RECORDS SHOWN below:
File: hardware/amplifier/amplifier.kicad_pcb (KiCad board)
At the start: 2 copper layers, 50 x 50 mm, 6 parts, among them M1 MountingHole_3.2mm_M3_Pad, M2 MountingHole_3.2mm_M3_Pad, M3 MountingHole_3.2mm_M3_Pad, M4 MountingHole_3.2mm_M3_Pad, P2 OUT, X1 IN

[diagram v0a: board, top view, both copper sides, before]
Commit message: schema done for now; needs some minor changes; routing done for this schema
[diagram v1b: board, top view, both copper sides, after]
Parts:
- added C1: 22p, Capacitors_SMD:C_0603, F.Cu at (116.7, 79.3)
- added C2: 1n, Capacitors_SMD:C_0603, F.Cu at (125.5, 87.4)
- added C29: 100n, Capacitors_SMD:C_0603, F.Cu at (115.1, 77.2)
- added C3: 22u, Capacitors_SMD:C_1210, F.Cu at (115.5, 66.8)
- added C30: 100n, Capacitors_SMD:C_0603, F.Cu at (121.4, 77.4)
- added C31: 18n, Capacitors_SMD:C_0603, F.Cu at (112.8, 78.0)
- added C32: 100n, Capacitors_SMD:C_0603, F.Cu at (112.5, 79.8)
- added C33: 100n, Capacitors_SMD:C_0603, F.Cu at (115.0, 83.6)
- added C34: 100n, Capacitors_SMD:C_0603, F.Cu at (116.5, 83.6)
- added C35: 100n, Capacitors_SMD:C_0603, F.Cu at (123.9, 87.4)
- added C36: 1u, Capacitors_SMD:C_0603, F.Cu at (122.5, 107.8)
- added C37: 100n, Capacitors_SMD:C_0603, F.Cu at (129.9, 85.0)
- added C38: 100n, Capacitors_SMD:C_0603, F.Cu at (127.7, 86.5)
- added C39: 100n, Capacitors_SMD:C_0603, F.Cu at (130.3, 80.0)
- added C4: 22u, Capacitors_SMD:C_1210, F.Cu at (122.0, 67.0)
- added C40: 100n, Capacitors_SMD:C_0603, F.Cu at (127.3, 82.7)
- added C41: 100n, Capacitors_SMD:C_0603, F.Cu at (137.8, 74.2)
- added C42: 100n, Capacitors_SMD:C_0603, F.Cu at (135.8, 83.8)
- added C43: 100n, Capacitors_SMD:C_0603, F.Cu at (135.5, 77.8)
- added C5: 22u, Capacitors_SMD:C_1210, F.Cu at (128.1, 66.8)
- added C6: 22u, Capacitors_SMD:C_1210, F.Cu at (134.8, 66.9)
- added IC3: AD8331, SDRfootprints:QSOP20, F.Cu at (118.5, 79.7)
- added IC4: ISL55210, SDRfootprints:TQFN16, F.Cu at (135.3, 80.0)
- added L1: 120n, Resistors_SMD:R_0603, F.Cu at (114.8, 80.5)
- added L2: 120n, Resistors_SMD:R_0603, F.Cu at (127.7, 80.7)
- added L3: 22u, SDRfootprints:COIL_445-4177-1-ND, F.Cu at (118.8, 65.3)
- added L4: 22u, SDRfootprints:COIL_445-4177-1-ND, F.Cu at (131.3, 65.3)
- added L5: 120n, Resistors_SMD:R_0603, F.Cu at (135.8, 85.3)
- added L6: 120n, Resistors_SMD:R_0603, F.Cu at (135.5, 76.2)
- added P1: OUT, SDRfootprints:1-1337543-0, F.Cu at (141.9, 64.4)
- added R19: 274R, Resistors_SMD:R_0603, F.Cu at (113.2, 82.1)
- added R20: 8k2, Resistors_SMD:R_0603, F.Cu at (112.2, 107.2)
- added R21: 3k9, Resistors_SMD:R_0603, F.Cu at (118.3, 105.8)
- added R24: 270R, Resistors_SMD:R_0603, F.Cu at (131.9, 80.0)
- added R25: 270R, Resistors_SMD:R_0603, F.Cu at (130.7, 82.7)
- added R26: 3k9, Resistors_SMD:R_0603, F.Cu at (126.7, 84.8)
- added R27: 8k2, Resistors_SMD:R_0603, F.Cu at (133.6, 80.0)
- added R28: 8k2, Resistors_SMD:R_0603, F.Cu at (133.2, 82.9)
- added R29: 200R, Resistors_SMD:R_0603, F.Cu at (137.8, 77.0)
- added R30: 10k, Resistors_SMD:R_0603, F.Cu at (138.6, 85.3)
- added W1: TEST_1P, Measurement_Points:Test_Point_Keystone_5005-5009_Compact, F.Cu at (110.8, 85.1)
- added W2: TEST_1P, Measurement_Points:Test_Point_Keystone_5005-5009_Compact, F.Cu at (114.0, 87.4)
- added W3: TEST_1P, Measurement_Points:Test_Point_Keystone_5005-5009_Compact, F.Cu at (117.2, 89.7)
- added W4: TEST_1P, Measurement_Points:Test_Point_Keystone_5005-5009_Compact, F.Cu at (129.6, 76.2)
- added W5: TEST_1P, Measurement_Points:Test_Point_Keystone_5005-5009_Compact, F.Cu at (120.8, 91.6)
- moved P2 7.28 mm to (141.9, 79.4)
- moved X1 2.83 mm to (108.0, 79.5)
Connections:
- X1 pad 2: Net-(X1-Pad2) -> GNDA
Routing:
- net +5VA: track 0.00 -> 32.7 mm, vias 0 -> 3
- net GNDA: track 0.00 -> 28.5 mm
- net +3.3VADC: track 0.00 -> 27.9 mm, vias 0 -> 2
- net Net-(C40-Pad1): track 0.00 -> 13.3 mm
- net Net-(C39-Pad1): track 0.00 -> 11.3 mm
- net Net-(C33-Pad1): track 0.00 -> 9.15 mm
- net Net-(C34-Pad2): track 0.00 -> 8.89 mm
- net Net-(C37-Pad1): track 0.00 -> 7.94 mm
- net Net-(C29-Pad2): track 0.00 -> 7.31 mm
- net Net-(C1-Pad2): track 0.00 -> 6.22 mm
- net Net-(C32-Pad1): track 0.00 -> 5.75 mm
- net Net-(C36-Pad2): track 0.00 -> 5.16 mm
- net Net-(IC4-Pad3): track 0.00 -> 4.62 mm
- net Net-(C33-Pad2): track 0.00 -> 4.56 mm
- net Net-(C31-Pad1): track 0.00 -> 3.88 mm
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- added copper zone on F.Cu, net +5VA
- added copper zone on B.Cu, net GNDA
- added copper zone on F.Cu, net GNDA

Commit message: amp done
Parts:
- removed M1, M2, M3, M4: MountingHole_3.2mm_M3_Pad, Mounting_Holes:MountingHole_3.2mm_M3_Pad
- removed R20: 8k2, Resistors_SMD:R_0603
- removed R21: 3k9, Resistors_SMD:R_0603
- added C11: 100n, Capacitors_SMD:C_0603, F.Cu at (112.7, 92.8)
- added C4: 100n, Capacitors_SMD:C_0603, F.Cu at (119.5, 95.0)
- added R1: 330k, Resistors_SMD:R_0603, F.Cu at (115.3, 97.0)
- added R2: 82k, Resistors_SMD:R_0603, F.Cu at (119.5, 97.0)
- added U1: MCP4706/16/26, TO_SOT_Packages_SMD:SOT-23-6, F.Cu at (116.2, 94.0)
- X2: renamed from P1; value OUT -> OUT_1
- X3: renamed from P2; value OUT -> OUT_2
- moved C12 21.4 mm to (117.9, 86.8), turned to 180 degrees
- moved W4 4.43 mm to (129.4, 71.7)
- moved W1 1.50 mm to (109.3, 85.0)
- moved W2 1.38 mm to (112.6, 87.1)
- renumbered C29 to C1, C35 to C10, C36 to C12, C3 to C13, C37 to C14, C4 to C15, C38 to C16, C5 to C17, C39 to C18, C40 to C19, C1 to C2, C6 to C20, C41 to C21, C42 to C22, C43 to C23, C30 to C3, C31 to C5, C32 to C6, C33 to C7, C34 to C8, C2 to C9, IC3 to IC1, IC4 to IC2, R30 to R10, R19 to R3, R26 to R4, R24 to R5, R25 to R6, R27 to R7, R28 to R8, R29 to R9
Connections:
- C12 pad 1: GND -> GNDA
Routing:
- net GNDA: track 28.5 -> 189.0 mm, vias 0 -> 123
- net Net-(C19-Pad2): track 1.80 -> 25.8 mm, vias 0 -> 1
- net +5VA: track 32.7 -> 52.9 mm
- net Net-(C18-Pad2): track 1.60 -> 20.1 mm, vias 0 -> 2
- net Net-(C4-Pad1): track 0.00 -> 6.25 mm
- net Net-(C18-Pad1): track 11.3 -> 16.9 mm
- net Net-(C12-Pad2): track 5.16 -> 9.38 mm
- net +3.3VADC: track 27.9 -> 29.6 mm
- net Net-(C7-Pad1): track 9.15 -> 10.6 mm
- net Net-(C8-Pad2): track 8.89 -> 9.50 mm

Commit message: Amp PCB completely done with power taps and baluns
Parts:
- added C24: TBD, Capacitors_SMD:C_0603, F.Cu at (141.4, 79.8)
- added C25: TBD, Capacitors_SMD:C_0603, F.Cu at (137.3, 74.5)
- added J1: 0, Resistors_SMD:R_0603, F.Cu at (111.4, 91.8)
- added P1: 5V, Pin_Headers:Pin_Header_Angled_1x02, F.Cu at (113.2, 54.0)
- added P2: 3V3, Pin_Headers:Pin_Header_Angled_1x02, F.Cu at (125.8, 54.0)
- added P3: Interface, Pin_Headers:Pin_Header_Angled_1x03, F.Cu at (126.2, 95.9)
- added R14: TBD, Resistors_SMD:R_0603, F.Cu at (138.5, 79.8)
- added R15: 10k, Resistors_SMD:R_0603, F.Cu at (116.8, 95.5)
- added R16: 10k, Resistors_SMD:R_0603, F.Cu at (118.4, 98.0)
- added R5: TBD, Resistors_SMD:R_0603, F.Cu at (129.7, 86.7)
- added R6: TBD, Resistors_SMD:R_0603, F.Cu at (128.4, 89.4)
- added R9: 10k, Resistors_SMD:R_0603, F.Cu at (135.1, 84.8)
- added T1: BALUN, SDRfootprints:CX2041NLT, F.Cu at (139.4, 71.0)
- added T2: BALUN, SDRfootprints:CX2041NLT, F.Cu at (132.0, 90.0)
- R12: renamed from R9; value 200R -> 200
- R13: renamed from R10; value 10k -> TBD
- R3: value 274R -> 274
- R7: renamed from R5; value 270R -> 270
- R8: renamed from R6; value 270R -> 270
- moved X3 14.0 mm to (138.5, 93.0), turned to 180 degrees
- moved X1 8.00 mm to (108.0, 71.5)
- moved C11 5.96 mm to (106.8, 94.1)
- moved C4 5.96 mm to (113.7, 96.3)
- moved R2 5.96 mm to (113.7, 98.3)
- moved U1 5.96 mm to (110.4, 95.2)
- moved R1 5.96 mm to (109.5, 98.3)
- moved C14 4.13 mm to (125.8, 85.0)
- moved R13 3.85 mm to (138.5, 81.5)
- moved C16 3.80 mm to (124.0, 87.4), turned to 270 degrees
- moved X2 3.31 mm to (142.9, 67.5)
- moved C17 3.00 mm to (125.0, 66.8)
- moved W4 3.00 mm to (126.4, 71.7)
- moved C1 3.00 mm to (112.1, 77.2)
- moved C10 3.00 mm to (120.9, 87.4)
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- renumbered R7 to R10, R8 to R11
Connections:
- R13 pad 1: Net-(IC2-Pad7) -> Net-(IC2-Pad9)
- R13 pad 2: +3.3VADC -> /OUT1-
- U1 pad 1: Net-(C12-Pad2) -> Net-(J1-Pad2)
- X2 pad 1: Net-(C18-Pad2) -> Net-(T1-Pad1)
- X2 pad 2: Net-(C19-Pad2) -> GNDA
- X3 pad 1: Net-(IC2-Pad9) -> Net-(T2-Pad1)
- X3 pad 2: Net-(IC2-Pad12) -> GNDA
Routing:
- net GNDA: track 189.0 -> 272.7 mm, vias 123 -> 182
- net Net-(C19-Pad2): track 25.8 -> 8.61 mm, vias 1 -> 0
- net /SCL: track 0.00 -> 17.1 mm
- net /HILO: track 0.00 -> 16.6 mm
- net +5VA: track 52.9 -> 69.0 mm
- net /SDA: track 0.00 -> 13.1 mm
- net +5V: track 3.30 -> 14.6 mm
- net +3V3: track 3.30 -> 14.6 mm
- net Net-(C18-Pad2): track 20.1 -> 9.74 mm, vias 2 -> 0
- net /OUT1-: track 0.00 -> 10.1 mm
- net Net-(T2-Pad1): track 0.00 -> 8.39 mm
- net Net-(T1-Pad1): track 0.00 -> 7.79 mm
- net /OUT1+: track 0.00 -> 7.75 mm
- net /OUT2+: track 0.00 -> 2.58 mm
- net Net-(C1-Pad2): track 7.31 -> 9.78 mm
End of RECORDS SHOWN.
TASK OBJECTIVE: Above are the entries. Quote exactly the lines from the one bearing "- added L4: 22u, SDRfootprints:COIL_445-4177-1-ND, F.Cu" through the one bearing "- added R24: 270R, Resistors_SMD:R_0603, F.Cu".

ANSWER TO THE EXERCISE:
- added L4: 22u, SDRfootprints:COIL_445-4177-1-ND, F.Cu at (131.3, 65.3)
- added L5: 120n, Resistors_SMD:R_0603, F.Cu at (135.8, 85.3)
- added L6: 120n, Resistors_SMD:R_0603, F.Cu at (135.5, 76.2)
- added P1: OUT, SDRfootprints:1-1337543-0, F.Cu at (141.9, 64.4)
- added R19: 274R, Resistors_SMD:R_0603, F.Cu at (113.2, 82.1)
- added R20: 8k2, Resistors_SMD:R_0603, F.Cu at (112.2, 107.2)
- added R21: 3k9, Resistors_SMD:R_0603, F.Cu at (118.3, 105.8)
- added R24: 270R, Resistors_SMD:R_0603, F.Cu at (131.9, 80.0)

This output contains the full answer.